In 1958 she was one of the last of the debutantes — where upper-class girls were “presented” to the Queen before being launched into the four-month “season” of glittering balls in the hope of snaring a rich husband.

The lavish season cost today’s equivalent of £120,000 and provoked rebellion from Dugdale.
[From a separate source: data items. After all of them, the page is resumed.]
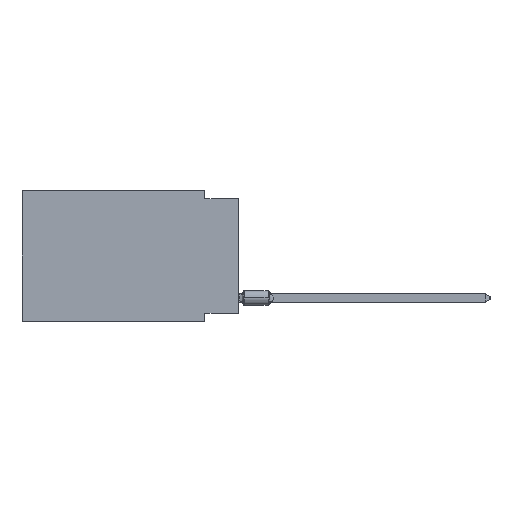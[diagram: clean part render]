
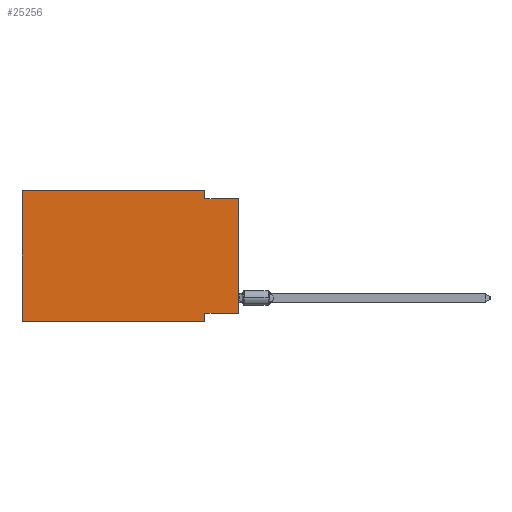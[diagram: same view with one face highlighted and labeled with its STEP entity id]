
A CAD part, left-side view. The second image highlights one B-rep face of the part: STEP entity #25256.
In plain terms, the highlighted planar face has unit normal (-1, 0, 0).
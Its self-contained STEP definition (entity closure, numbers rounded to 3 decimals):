
#961 = CARTESIAN_POINT ( 'NONE',  ( 0., 2.54, -9.271 ) ) ;
#1112 = ORIENTED_EDGE ( 'NONE', *, *, #34179, .T. ) ;
#2517 = DIRECTION ( 'NONE',  ( 0., 0., 1. ) ) ;
#2837 = PLANE ( 'NONE',  #8391 ) ;
#3027 = DIRECTION ( 'NONE',  ( 0., 0., -1. ) ) ;
#3663 = CARTESIAN_POINT ( 'NONE',  ( 0., 16.383, -9.906 ) ) ;
#4486 = CARTESIAN_POINT ( 'NONE',  ( 0., 16.383, 0. ) ) ;
#4726 = CARTESIAN_POINT ( 'NONE',  ( 0., 2.54, -9.906 ) ) ;
#4928 = CARTESIAN_POINT ( 'NONE',  ( 0., 2.54, 0. ) ) ;
#5298 = ORIENTED_EDGE ( 'NONE', *, *, #18529, .T. ) ;
#6240 = VERTEX_POINT ( 'NONE', #35952 ) ;
#6305 = CARTESIAN_POINT ( 'NONE',  ( 0., 16.383, 0. ) ) ;
#6789 = CARTESIAN_POINT ( 'NONE',  ( 0., 16.383, 0. ) ) ;
#7111 = VERTEX_POINT ( 'NONE', #961 ) ;
#7536 = VERTEX_POINT ( 'NONE', #6789 ) ;
#7638 = VECTOR ( 'NONE', #27860, 1000. ) ;
#7889 = EDGE_CURVE ( 'NONE', #31201, #7111, #28118, .T. ) ;
#8057 = LINE ( 'NONE', #35764, #11187 ) ;
#8391 = AXIS2_PLACEMENT_3D ( 'NONE', #11437, #14175, #3027 ) ;
#9229 = LINE ( 'NONE', #25482, #7638 ) ;
#9932 = VECTOR ( 'NONE', #11055, 1000. ) ;
#10415 = ORIENTED_EDGE ( 'NONE', *, *, #7889, .F. ) ;
#10790 = EDGE_LOOP ( 'NONE', ( #5298, #18662, #32331, #12112, #18404, #1112, #22360, #10415 ) ) ;
#10972 = DIRECTION ( 'NONE',  ( 0., 1., 0. ) ) ;
#11055 = DIRECTION ( 'NONE',  ( 0., -1., 0. ) ) ;
#11187 = VECTOR ( 'NONE', #16255, 1000. ) ;
#11437 = CARTESIAN_POINT ( 'NONE',  ( 0., 16.383, 0. ) ) ;
#12112 = ORIENTED_EDGE ( 'NONE', *, *, #26755, .F. ) ;
#12121 = VECTOR ( 'NONE', #26473, 1000. ) ;
#13576 = VERTEX_POINT ( 'NONE', #4726 ) ;
#14175 = DIRECTION ( 'NONE',  ( 1., 0., 0. ) ) ;
#14190 = CARTESIAN_POINT ( 'NONE',  ( 0., 16.383, -9.906 ) ) ;
#14340 = VECTOR ( 'NONE', #23251, 1000. ) ;
#14860 = LINE ( 'NONE', #31459, #14340 ) ;
#15666 = EDGE_CURVE ( 'NONE', #23734, #6240, #24730, .T. ) ;
#15969 = LINE ( 'NONE', #4486, #35739 ) ;
#16255 = DIRECTION ( 'NONE',  ( 0., 0., -1. ) ) ;
#16623 = CARTESIAN_POINT ( 'NONE',  ( 0., 0., -9.271 ) ) ;
#18404 = ORIENTED_EDGE ( 'NONE', *, *, #29255, .F. ) ;
#18529 = EDGE_CURVE ( 'NONE', #31201, #6240, #14860, .T. ) ;
#18662 = ORIENTED_EDGE ( 'NONE', *, *, #15666, .F. ) ;
#19645 = FACE_OUTER_BOUND ( 'NONE', #10790, .T. ) ;
#20950 = EDGE_CURVE ( 'NONE', #7111, #13576, #8057, .T. ) ;
#21760 = VERTEX_POINT ( 'NONE', #14190 ) ;
#21780 = EDGE_CURVE ( 'NONE', #28673, #23734, #9229, .T. ) ;
#22360 = ORIENTED_EDGE ( 'NONE', *, *, #20950, .F. ) ;
#22501 = CARTESIAN_POINT ( 'NONE',  ( 0., 0., -9.271 ) ) ;
#23251 = DIRECTION ( 'NONE',  ( 0., 0., 1. ) ) ;
#23734 = VERTEX_POINT ( 'NONE', #34700 ) ;
#24730 = LINE ( 'NONE', #27096, #9932 ) ;
#25256 = ADVANCED_FACE ( 'NONE', ( #19645 ), #2837, .F. ) ;
#25482 = CARTESIAN_POINT ( 'NONE',  ( 0., 2.54, 0. ) ) ;
#26473 = DIRECTION ( 'NONE',  ( 0., -1., 0. ) ) ;
#26745 = DIRECTION ( 'NONE',  ( 0., -1., 0. ) ) ;
#26755 = EDGE_CURVE ( 'NONE', #7536, #28673, #15969, .T. ) ;
#27096 = CARTESIAN_POINT ( 'NONE',  ( 0., 0., -0.635 ) ) ;
#27860 = DIRECTION ( 'NONE',  ( 0., 0., -1. ) ) ;
#28118 = LINE ( 'NONE', #16623, #33492 ) ;
#28673 = VERTEX_POINT ( 'NONE', #4928 ) ;
#29255 = EDGE_CURVE ( 'NONE', #21760, #7536, #31309, .T. ) ;
#31201 = VERTEX_POINT ( 'NONE', #22501 ) ;
#31309 = LINE ( 'NONE', #6305, #35275 ) ;
#31459 = CARTESIAN_POINT ( 'NONE',  ( 0., 0., 0. ) ) ;
#32331 = ORIENTED_EDGE ( 'NONE', *, *, #21780, .F. ) ;
#33492 = VECTOR ( 'NONE', #10972, 1000. ) ;
#34179 = EDGE_CURVE ( 'NONE', #21760, #13576, #34308, .T. ) ;
#34308 = LINE ( 'NONE', #3663, #12121 ) ;
#34700 = CARTESIAN_POINT ( 'NONE',  ( 0., 2.54, -0.635 ) ) ;
#35275 = VECTOR ( 'NONE', #2517, 1000. ) ;
#35739 = VECTOR ( 'NONE', #26745, 1000. ) ;
#35764 = CARTESIAN_POINT ( 'NONE',  ( 0., 2.54, -9.906 ) ) ;
#35952 = CARTESIAN_POINT ( 'NONE',  ( 0., 0., -0.635 ) ) ;

She later described her coming out ball as “one of those pornographic affairs which cost what 60 old-age pensioners receive in six months”.

A picture from that time at St Anne’s College, Oxford University, shows an attractive woman, her styled blonde hair tucked under her mortar board, with piercing eyes and a gleaming smile.

She later became a Doctor of Philosophy after studying in the US and London University and became a government economist. In 1972 she met ex Guardsman and petty criminal Wally Heaton, who described himself as a “revolutionary socialist”. The two made frequent trips together to Northern Ireland, to march in political demonstrations.

Dugdale had finally found her cause. She knew that on the night of June 6, 1973, her parents would be away from their Devon estate.

With Heaton she stole paintings and antiques worth £82,000.

She was caught and got a two-year suspended sentence. At her trial Dugdale told her father: “I love you, daddy, but I hate everything you stand for.”

Today she lives in a two-bedroom semi and drives a 15-year-old Toyota.

Neighbour William Rothwell, 76, said last night: “Of course we know who she is but we don’t exactly ask her how the art world is doing. She’s very friendly and well-liked.”

Dugdale is involved with Dublin Community Television and her enthusiasm for the Irish Republican cause seems undimmed.

Speaking to back a motion at a 2007 Sinn Fein conference she said with a slip of the tongue: “I’m here in support of the revolution — I mean the resolution.”

Stomping round yesterday in her thick-soled boots, it seems the renegade debutante is still rebelling.